Em vários dos aspectos pesquisados, a dificuldade dos negros para a ascensão e o desenvolvimento profissional é bastante marcada. A maior proporção entre os brancos de carreiras mais longevas (com mais de dez anos no atual vínculo) e, principalmente, a maior proporção de brancos em cargos gerenciais e de negros em cargos operacionais são exemplos dessa dificuldade.

“A falta de equidade racial nas redações empobrece a qualidade do jornalismo e acaba contribuindo para a reprodução do racismo na sociedade. Quanto mais diversidade racial nas redações, em todos os cargos, mais a sociedade brasileira terá um jornalismo que a represente”, afirma Valdice Gomes, diretora da Fenaj (Federação Nacional dos Jornalistas) e integrante da Conajira (Comissão Nacional de Jornalistas pela Igualdade Racial).

Coelho acredita que as redações estão abrindo espaços para minorias, mas que isso é um reflexo principalmente da cobrança nas redes sociais. “Vejo essas mudanças acontecendo pela necessidade, porque na realidade não dá mais para fingir que isso não é uma urgência.”

Pautas ignoram a questão racial

O estudo aponta ainda que a definição de pautas e fontes tem, segundo os entrevistados, escolhas que são enviesadas pela recusa de temas ligados a questões raciais e pela preferência por fontes brancas. Coelho afirma que: "O racismo tem que ser falado sempre por pessoas pretas. Além da necessidade de existirem mais jornalistas negros nas redações, é preciso ouvir o público e os coletivos ligados à questão".

Gomes afirma que é perceptível um despreparo das redações quando deixam de abordar o recorte racial de problemas que afetam a sociedade brasileira. “Não tem como falar de violência policial nas periferias do Brasil, índices de mortalidade por Covid-19, e tantos outros temas sem fazer o recorte racial, ouvindo fontes especializadas.”

Ações pró-diversidade

A Régua de Diversidade é uma ferramenta criada pela Énois Laboratório de Jornalismo para mensurar a diversidade nas redações. Os responsáveis garantem que é a primeira ferramenta no mundo que acompanha o desempenho das organizações nesse quesito.

 “Ela pode ser utilizada por qualquer veículo, digital ou tradicional, de qualquer tamanho e foi criada a partir de experiências em grandes redações, como a Folha de S.Paulo”, explica Nina Weingrill, cofundadora da Enóis.

A partir de três eixos de atuação (Gestão, Produção jornalística e Cultura), a ferramenta permite monitorar o desempenho das redações nessas três áreas. No campo da gestão, um exemplo de ação de promoção da diversidade consiste em mudar a política de contratação para não priorizar apenas pessoas que falem inglês.
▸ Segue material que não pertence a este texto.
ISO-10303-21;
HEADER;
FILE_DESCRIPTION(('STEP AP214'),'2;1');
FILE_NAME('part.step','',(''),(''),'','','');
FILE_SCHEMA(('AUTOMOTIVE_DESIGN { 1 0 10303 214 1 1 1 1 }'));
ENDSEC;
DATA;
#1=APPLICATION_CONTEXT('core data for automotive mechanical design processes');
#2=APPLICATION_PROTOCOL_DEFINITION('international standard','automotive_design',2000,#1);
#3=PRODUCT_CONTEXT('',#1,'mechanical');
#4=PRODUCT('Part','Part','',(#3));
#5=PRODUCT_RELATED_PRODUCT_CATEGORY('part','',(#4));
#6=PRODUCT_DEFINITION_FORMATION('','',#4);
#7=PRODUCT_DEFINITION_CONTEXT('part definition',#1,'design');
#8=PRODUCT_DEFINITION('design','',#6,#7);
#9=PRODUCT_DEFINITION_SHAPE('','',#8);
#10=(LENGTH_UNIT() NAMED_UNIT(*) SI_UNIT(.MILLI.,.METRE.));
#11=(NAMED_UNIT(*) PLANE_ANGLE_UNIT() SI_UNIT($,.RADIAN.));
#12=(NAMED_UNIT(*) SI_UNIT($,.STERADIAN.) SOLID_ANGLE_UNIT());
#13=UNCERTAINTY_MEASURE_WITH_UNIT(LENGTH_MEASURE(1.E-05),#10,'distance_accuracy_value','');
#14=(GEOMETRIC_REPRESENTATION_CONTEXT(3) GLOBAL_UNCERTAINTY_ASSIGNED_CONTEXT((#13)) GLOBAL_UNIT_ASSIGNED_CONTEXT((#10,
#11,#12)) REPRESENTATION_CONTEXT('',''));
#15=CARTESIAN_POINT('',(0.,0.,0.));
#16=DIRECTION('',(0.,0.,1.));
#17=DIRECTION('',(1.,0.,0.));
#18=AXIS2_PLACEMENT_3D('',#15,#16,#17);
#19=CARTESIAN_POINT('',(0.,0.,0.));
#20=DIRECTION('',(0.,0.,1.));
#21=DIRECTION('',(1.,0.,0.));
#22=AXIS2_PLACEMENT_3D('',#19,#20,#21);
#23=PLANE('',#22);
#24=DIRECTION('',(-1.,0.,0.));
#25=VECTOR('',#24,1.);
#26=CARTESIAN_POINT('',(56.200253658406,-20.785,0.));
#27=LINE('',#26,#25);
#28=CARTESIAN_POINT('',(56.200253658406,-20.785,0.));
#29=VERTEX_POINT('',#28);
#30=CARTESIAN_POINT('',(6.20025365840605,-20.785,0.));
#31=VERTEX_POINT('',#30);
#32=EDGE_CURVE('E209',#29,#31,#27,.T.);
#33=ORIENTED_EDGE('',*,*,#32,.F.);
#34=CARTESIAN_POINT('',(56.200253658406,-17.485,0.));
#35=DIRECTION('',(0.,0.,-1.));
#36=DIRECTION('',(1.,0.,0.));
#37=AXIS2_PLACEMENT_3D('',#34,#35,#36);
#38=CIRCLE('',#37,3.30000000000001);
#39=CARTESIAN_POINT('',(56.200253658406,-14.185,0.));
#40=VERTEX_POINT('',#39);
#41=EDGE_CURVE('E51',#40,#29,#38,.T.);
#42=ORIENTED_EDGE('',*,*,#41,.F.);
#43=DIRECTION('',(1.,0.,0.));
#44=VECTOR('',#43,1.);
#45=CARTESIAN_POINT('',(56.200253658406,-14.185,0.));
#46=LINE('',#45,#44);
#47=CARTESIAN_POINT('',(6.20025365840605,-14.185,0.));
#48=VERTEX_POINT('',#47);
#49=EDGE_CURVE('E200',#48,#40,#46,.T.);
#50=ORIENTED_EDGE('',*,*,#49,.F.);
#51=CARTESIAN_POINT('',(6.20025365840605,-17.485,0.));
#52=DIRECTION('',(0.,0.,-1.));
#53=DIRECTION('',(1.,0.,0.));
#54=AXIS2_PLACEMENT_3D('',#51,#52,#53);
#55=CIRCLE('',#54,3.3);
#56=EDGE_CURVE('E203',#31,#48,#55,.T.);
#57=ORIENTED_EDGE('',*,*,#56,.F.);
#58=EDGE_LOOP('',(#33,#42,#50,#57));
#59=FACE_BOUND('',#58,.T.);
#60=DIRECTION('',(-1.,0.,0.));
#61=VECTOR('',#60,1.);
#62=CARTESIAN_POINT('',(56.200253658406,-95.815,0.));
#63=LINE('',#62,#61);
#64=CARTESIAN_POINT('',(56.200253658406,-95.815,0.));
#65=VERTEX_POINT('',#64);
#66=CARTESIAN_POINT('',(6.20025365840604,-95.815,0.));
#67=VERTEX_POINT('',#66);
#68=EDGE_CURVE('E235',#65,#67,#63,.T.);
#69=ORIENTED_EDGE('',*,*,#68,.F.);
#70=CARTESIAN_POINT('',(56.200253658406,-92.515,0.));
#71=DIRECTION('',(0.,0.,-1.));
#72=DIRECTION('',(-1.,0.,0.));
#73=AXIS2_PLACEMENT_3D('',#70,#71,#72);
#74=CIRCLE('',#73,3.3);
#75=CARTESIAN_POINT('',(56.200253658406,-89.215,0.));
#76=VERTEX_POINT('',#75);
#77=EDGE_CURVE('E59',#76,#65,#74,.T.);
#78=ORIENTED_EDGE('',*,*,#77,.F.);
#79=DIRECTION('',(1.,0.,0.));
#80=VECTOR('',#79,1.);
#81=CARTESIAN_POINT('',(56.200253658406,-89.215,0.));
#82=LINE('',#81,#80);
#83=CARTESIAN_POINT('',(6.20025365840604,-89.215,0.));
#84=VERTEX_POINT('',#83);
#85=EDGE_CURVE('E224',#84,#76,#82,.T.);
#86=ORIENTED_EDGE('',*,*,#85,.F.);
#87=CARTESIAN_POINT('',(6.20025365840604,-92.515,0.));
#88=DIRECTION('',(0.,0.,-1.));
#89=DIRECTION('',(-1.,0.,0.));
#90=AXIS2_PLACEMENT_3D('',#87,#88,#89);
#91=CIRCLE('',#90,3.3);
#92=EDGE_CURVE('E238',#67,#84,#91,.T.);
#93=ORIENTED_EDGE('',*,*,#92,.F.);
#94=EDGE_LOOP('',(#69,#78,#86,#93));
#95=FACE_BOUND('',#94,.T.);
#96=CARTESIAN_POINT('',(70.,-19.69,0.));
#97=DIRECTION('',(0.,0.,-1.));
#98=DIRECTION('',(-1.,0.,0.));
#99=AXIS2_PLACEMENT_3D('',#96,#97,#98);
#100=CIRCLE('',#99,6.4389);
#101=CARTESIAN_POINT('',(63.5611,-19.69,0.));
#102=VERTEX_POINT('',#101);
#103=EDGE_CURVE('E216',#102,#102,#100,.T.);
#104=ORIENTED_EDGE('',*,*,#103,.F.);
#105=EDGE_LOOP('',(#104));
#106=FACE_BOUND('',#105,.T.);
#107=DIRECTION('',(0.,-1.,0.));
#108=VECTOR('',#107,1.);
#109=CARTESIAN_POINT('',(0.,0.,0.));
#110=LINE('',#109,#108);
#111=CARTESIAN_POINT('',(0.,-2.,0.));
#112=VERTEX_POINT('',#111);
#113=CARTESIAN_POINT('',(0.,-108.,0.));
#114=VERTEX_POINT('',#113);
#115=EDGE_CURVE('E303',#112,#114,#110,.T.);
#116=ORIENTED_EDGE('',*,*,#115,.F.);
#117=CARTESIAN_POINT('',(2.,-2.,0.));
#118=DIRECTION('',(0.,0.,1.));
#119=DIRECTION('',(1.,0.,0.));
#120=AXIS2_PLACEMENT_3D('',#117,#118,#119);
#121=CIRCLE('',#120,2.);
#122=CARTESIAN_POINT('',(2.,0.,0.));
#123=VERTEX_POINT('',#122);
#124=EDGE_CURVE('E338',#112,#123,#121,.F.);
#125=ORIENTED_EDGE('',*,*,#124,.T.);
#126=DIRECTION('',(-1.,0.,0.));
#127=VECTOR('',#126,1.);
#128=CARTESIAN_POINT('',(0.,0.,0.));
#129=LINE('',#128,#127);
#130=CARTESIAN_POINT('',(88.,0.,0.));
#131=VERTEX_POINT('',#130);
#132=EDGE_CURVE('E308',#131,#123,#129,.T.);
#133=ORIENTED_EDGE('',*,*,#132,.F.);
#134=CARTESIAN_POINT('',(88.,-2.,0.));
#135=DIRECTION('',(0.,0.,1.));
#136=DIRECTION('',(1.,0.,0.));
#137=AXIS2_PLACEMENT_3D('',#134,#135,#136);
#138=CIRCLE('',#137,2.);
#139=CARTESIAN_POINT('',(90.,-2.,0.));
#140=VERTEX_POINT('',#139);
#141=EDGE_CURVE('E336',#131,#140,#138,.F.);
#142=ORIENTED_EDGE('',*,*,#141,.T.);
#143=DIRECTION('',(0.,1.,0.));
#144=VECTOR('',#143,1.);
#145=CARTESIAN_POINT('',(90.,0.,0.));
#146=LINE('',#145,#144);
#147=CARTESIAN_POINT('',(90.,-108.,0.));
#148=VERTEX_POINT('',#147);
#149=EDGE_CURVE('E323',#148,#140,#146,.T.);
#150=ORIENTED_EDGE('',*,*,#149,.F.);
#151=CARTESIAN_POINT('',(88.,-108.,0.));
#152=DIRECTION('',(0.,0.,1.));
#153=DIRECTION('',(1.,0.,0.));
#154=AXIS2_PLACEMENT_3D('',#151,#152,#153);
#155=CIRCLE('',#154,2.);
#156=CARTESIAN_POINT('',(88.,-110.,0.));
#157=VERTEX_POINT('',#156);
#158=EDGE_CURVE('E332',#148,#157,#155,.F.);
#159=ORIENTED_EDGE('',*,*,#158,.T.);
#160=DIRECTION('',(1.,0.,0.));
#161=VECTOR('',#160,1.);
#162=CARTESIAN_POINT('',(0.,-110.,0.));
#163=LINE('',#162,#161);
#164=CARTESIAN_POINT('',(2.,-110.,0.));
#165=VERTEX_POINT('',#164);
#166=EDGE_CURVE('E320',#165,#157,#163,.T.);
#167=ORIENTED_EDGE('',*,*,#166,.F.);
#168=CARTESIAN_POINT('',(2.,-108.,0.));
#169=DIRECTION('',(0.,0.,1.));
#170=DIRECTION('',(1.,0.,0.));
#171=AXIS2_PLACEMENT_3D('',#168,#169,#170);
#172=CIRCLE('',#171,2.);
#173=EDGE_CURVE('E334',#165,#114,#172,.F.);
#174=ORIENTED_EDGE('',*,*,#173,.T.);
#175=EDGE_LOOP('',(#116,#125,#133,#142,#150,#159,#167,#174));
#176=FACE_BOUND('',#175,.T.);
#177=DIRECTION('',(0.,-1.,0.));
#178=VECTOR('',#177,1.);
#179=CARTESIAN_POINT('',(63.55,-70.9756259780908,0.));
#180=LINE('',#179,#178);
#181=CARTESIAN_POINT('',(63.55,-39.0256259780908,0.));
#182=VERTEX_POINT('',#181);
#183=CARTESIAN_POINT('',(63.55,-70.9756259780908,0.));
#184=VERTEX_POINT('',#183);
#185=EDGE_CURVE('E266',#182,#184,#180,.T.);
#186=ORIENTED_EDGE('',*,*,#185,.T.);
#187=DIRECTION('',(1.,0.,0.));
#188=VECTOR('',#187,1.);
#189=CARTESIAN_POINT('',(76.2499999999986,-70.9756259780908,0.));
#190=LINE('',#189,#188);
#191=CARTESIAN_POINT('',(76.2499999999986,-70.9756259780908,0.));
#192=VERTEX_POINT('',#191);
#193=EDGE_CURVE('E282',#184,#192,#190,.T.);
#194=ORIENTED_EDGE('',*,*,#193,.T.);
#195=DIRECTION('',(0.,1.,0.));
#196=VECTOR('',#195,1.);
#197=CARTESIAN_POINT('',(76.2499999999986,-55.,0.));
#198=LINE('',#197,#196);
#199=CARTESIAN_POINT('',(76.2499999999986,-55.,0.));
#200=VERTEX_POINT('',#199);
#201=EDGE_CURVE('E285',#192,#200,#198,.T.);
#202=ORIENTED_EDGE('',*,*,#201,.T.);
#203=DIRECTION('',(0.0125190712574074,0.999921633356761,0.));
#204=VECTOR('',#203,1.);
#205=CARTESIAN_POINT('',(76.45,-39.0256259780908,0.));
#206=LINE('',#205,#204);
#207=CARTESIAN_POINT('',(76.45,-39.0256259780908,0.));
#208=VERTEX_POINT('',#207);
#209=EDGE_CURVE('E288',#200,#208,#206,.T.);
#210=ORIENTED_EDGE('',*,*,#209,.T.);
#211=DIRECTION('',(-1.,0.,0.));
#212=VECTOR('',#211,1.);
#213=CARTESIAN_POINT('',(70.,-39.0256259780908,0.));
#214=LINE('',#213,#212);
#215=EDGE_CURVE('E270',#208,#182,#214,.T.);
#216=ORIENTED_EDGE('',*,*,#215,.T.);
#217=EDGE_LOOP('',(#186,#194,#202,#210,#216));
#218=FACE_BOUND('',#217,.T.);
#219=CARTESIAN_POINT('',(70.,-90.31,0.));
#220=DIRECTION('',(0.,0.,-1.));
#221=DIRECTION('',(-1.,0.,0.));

No setor de produção jornalística, uma iniciativa elencada pela Régua é a criação nas redações de bancos de fontes com pessoas negras, mulheres economistas, indígenas etc. Já na área de cultura, a criação de espaços de diálogo dentro das empresas para falar sobre racismo estrutural e machismo é outro exemplo.

A Enóis está também desenhando uma pesquisa para criar uma série histórica de dados de diversidade nas redações, algo inédito. “Queremos mapear pelo menos cem redações no Brasil para criarmos um acompanhamento e entendermos se este cenário de falta de diversidade está mudando no país”, diz Weingrill.

É fundamental ainda a colocação de profissionais pretos em cargos de visibilidade, não apenas de chefia, mas naqueles com relação direta com o público. “É importante que as pessoas olhem para a TV e digam ‘olha, tem uma mulher preta numa bancada de jornal’ e que reconheçam essas pessoas como valorizadas. Portanto, é muito mais que contratar. É conseguir colocar pessoas pretas no dia a dia”, diz Coelho.